** Opening EXTRACTED DATA block **

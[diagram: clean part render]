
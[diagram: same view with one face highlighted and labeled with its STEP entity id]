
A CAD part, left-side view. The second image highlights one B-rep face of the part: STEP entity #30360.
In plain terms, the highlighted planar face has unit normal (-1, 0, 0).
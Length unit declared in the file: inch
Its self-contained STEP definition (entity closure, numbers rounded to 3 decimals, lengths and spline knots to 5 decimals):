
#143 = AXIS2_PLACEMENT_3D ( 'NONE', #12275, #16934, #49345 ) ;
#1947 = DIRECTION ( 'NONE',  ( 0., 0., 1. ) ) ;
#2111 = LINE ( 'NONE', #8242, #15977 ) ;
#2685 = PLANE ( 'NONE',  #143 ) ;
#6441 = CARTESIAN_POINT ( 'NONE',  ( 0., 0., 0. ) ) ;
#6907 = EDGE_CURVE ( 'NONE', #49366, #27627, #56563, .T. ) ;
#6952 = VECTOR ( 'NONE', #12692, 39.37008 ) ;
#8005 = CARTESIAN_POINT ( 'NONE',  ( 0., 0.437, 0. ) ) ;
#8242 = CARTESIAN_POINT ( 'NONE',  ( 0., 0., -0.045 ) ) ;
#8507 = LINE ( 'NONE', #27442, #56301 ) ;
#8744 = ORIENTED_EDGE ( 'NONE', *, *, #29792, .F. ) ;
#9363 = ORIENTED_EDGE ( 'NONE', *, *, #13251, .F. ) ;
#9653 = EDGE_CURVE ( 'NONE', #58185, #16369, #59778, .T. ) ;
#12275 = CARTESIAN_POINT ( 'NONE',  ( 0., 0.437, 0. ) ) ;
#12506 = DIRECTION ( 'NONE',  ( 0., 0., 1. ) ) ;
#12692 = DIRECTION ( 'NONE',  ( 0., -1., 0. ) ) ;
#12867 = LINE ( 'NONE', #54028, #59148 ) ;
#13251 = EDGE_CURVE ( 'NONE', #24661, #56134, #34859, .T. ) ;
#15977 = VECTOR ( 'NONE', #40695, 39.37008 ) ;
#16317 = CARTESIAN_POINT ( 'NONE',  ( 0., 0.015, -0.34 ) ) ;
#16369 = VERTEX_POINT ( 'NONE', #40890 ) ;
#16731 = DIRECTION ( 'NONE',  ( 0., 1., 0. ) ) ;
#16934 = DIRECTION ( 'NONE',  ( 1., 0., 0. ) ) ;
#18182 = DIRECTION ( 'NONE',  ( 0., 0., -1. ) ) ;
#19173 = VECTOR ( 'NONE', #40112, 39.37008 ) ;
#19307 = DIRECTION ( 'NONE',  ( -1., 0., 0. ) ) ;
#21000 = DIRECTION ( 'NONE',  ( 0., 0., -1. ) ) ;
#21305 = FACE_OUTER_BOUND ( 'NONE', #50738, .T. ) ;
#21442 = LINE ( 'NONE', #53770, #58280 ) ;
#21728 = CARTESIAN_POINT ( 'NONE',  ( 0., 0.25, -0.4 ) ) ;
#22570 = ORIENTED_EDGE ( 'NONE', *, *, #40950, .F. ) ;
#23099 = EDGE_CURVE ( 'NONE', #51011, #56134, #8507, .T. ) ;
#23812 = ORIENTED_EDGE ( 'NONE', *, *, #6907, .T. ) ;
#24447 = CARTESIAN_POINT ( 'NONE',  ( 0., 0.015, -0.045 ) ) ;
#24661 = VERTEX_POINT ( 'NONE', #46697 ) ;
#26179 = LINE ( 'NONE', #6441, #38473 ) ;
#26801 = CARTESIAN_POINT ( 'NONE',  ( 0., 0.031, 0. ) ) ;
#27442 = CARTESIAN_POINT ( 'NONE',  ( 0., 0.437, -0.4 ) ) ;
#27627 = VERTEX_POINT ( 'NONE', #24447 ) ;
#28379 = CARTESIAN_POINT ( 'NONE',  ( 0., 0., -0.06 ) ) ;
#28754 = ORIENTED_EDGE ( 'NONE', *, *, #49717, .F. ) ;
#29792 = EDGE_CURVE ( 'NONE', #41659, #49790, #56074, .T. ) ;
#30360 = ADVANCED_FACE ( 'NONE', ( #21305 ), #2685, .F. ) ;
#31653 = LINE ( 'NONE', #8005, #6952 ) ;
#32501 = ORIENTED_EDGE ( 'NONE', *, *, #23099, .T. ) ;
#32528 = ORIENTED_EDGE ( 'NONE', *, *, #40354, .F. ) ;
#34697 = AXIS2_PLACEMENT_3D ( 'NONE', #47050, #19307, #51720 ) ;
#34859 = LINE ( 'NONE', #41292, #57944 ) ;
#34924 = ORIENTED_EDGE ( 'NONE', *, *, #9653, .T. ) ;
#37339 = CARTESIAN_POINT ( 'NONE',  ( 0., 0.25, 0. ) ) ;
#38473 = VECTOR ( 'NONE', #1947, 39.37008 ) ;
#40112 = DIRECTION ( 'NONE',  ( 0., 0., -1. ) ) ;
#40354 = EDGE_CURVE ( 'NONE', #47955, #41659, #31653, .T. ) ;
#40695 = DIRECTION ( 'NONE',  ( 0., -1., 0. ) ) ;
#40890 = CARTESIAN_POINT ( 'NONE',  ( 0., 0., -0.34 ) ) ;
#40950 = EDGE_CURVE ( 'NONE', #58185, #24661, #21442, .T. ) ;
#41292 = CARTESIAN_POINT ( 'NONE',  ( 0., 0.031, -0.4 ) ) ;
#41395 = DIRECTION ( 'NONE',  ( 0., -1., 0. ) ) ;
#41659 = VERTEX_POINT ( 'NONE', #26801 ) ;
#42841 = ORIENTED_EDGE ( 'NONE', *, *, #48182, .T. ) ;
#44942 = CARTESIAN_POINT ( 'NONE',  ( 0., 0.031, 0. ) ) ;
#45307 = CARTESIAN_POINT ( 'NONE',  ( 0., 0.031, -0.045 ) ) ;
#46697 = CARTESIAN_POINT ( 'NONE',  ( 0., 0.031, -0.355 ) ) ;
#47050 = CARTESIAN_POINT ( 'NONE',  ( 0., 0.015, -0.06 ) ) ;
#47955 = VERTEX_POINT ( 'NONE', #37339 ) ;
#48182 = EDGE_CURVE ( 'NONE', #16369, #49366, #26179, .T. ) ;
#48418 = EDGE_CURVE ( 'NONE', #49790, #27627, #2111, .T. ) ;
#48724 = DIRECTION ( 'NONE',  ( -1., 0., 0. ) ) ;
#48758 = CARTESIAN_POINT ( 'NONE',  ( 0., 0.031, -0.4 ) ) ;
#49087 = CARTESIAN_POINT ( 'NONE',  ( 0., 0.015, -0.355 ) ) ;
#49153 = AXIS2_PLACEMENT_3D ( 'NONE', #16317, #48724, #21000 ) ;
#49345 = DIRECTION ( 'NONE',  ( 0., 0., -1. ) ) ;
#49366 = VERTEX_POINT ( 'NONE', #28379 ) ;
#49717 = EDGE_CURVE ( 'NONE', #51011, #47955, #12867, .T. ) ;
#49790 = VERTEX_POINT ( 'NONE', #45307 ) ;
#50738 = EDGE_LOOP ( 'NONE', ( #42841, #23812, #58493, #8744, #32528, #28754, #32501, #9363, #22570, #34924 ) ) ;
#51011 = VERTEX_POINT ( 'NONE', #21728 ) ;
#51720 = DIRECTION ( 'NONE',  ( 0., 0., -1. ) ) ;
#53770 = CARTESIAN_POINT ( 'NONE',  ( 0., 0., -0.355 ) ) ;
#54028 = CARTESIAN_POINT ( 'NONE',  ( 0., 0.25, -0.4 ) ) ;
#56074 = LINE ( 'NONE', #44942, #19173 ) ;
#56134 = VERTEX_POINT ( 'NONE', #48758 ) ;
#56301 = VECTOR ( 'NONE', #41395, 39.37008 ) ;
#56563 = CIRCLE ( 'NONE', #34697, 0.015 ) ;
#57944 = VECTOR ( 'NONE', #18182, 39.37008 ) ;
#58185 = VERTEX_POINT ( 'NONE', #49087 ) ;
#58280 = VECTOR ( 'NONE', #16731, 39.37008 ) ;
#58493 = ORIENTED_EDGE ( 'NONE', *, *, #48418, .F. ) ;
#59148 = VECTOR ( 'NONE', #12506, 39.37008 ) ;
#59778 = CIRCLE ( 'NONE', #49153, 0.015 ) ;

** Closing EXTRACTED DATA block **

From the first line above through the line that contains "Length unit declared in the file: inch", quote each line exactly. Output nothing more.

[diagram: clean part render]
[diagram: same view with one face highlighted and labeled with its STEP entity id]
A CAD part, left-side view. The second image highlights one B-rep face of the part: STEP entity #30360.
In plain terms, the highlighted planar face has unit normal (-1, 0, 0).
Length unit declared in the file: inch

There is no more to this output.